WHAT IS BEING ASKED:
Find the line in the entries below that contains "#128=CARTESIAN_POINT('',(-90.,0.,167.082039324994));". Repeat it exactly, and every line after it through the line that contains "#153=AXIS2_PLACEMENT_3D('',#150,#151,#152);".

---- DATA FOR THE TASK

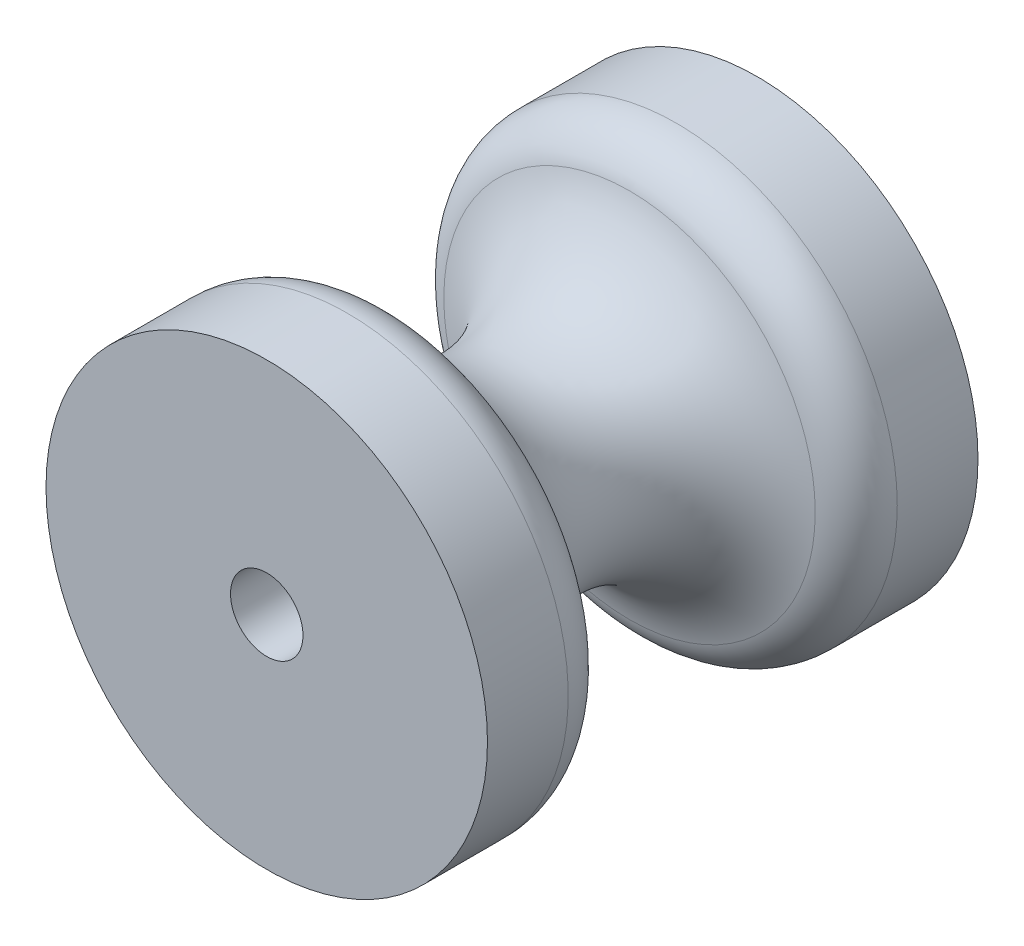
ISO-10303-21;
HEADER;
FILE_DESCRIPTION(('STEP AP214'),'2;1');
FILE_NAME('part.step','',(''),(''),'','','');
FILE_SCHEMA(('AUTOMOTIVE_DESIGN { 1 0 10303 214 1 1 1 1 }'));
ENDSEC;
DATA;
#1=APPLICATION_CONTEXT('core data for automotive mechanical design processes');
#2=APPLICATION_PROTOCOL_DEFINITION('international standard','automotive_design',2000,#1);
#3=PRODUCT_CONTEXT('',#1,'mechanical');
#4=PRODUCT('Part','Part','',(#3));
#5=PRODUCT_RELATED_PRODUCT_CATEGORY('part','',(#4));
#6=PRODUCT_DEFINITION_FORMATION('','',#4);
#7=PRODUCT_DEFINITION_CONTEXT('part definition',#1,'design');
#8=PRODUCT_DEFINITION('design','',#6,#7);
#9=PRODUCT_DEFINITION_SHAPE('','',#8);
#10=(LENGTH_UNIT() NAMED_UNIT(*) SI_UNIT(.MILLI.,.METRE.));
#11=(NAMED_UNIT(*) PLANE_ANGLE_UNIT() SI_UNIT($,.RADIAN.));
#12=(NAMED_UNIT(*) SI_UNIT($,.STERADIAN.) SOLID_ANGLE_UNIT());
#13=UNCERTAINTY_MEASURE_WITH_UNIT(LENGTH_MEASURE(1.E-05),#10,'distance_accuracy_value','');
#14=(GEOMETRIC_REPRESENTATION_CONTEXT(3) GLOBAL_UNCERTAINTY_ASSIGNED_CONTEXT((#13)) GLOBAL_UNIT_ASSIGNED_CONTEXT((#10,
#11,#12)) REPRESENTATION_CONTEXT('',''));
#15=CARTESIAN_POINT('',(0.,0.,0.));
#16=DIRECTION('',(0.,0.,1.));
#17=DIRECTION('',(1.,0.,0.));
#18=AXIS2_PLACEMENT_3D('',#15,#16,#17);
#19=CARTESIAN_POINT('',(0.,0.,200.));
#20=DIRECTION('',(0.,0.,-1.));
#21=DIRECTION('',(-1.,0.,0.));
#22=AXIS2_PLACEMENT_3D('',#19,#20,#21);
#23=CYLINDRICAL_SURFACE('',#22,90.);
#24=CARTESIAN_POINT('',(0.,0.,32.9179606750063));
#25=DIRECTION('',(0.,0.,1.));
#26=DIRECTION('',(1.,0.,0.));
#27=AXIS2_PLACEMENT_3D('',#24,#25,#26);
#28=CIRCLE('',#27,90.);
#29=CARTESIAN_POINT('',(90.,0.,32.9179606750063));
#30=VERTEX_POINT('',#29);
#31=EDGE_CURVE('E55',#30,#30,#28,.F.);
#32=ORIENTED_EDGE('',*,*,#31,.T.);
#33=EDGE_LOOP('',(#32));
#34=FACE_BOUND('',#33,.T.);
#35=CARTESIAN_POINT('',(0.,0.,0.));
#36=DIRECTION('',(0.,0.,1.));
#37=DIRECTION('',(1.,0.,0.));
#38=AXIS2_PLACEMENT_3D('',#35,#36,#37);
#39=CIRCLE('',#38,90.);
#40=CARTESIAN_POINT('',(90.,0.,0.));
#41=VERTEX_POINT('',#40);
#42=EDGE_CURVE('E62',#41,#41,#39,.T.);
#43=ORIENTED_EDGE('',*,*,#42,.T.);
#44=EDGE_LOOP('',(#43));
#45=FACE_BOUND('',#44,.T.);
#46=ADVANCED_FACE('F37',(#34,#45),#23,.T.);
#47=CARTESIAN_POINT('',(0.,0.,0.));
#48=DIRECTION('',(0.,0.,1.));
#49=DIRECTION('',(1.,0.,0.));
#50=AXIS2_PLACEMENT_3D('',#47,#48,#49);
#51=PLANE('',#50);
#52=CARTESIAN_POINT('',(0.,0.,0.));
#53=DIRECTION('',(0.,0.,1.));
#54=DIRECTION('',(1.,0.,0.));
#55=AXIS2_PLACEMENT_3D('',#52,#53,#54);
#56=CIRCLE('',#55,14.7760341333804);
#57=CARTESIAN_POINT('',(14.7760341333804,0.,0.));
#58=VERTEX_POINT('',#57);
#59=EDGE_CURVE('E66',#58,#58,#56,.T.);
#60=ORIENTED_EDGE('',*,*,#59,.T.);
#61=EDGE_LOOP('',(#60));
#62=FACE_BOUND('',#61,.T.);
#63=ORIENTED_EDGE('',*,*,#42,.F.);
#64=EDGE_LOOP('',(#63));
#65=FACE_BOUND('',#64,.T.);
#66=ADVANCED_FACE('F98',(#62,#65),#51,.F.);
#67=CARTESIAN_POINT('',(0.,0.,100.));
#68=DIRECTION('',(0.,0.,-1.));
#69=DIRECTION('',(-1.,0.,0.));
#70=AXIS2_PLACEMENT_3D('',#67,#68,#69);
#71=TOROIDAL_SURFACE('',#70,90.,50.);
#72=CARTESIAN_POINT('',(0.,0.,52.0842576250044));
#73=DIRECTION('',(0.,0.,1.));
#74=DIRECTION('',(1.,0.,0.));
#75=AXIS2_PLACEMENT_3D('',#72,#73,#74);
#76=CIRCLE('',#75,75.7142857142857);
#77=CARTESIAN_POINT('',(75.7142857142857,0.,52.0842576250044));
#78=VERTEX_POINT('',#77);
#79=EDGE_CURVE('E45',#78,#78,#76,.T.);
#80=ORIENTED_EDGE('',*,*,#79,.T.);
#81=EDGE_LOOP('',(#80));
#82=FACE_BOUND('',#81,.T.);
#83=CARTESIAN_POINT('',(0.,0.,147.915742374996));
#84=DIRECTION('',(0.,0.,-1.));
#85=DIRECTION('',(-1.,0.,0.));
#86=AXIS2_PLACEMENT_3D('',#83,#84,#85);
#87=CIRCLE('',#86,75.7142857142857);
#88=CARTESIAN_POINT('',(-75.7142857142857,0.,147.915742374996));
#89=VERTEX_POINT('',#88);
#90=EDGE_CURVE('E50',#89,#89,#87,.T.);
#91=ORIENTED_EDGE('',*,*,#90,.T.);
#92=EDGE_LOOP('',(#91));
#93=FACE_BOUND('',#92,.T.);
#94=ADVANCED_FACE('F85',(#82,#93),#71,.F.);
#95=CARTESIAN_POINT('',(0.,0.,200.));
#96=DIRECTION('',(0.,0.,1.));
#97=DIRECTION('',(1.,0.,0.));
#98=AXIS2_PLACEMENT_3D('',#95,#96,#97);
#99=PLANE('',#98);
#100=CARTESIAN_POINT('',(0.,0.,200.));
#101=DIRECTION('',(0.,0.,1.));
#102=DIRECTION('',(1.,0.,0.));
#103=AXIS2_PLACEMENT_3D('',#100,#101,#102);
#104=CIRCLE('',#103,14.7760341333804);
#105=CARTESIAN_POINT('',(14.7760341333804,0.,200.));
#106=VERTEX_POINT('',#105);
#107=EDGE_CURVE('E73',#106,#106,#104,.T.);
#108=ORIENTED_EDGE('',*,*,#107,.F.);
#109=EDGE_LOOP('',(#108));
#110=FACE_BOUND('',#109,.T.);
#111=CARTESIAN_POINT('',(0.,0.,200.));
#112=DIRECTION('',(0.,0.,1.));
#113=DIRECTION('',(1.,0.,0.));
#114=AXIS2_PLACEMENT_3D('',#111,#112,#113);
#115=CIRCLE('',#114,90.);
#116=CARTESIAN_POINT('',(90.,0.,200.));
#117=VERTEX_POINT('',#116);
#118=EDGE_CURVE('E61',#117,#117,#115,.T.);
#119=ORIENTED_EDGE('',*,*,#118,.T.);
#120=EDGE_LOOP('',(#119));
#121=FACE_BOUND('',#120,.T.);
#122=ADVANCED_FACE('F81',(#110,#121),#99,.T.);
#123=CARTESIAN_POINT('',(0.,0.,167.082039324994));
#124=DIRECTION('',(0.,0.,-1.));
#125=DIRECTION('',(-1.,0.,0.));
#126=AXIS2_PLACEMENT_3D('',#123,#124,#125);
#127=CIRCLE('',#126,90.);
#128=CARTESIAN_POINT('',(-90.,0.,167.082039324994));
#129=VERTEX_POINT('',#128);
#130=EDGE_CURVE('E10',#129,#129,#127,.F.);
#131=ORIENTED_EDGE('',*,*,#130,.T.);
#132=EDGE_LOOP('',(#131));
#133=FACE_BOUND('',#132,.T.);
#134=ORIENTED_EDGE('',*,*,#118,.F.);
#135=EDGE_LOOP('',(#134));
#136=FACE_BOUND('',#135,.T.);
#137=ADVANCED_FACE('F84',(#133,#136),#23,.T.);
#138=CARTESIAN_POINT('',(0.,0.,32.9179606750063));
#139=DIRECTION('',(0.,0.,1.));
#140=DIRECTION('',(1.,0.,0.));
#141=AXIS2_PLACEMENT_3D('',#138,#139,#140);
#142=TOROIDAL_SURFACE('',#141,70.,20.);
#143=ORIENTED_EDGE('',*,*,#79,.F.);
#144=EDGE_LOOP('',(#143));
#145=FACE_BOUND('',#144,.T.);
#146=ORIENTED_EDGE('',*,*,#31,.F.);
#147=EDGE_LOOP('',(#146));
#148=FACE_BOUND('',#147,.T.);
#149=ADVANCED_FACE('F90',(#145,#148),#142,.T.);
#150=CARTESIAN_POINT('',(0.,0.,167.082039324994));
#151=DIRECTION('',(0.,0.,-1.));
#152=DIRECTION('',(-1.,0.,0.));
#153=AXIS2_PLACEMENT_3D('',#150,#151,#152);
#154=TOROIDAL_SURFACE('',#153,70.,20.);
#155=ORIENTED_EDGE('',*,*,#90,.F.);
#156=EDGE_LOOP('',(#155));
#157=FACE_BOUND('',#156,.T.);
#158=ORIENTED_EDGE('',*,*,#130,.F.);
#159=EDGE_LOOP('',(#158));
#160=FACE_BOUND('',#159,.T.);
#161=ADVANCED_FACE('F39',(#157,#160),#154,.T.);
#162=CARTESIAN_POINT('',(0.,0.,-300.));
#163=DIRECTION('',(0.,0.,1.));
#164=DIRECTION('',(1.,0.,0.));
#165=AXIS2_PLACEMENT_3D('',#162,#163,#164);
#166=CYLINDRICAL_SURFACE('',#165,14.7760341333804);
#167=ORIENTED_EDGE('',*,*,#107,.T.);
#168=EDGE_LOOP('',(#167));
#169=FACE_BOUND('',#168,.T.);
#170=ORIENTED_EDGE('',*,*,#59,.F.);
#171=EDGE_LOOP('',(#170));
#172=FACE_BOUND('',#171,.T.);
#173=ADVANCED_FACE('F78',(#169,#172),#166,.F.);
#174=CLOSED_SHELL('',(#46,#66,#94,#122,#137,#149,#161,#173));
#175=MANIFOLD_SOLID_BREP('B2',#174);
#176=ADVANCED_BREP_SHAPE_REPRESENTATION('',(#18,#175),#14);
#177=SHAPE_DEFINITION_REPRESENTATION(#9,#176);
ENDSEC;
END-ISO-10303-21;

--------

EXPECTED OUTPUT:
#128=CARTESIAN_POINT('',(-90.,0.,167.082039324994));
#129=VERTEX_POINT('',#128);
#130=EDGE_CURVE('E10',#129,#129,#127,.F.);
#131=ORIENTED_EDGE('',*,*,#130,.T.);
#132=EDGE_LOOP('',(#131));
#133=FACE_BOUND('',#132,.T.);
#134=ORIENTED_EDGE('',*,*,#118,.F.);
#135=EDGE_LOOP('',(#134));
#136=FACE_BOUND('',#135,.T.);
#137=ADVANCED_FACE('F84',(#133,#136),#23,.T.);
#138=CARTESIAN_POINT('',(0.,0.,32.9179606750063));
#139=DIRECTION('',(0.,0.,1.));
#140=DIRECTION('',(1.,0.,0.));
#141=AXIS2_PLACEMENT_3D('',#138,#139,#140);
#142=TOROIDAL_SURFACE('',#141,70.,20.);
#143=ORIENTED_EDGE('',*,*,#79,.F.);
#144=EDGE_LOOP('',(#143));
#145=FACE_BOUND('',#144,.T.);
#146=ORIENTED_EDGE('',*,*,#31,.F.);
#147=EDGE_LOOP('',(#146));
#148=FACE_BOUND('',#147,.T.);
#149=ADVANCED_FACE('F90',(#145,#148),#142,.T.);
#150=CARTESIAN_POINT('',(0.,0.,167.082039324994));
#151=DIRECTION('',(0.,0.,-1.));
#152=DIRECTION('',(-1.,0.,0.));
#153=AXIS2_PLACEMENT_3D('',#150,#151,#152);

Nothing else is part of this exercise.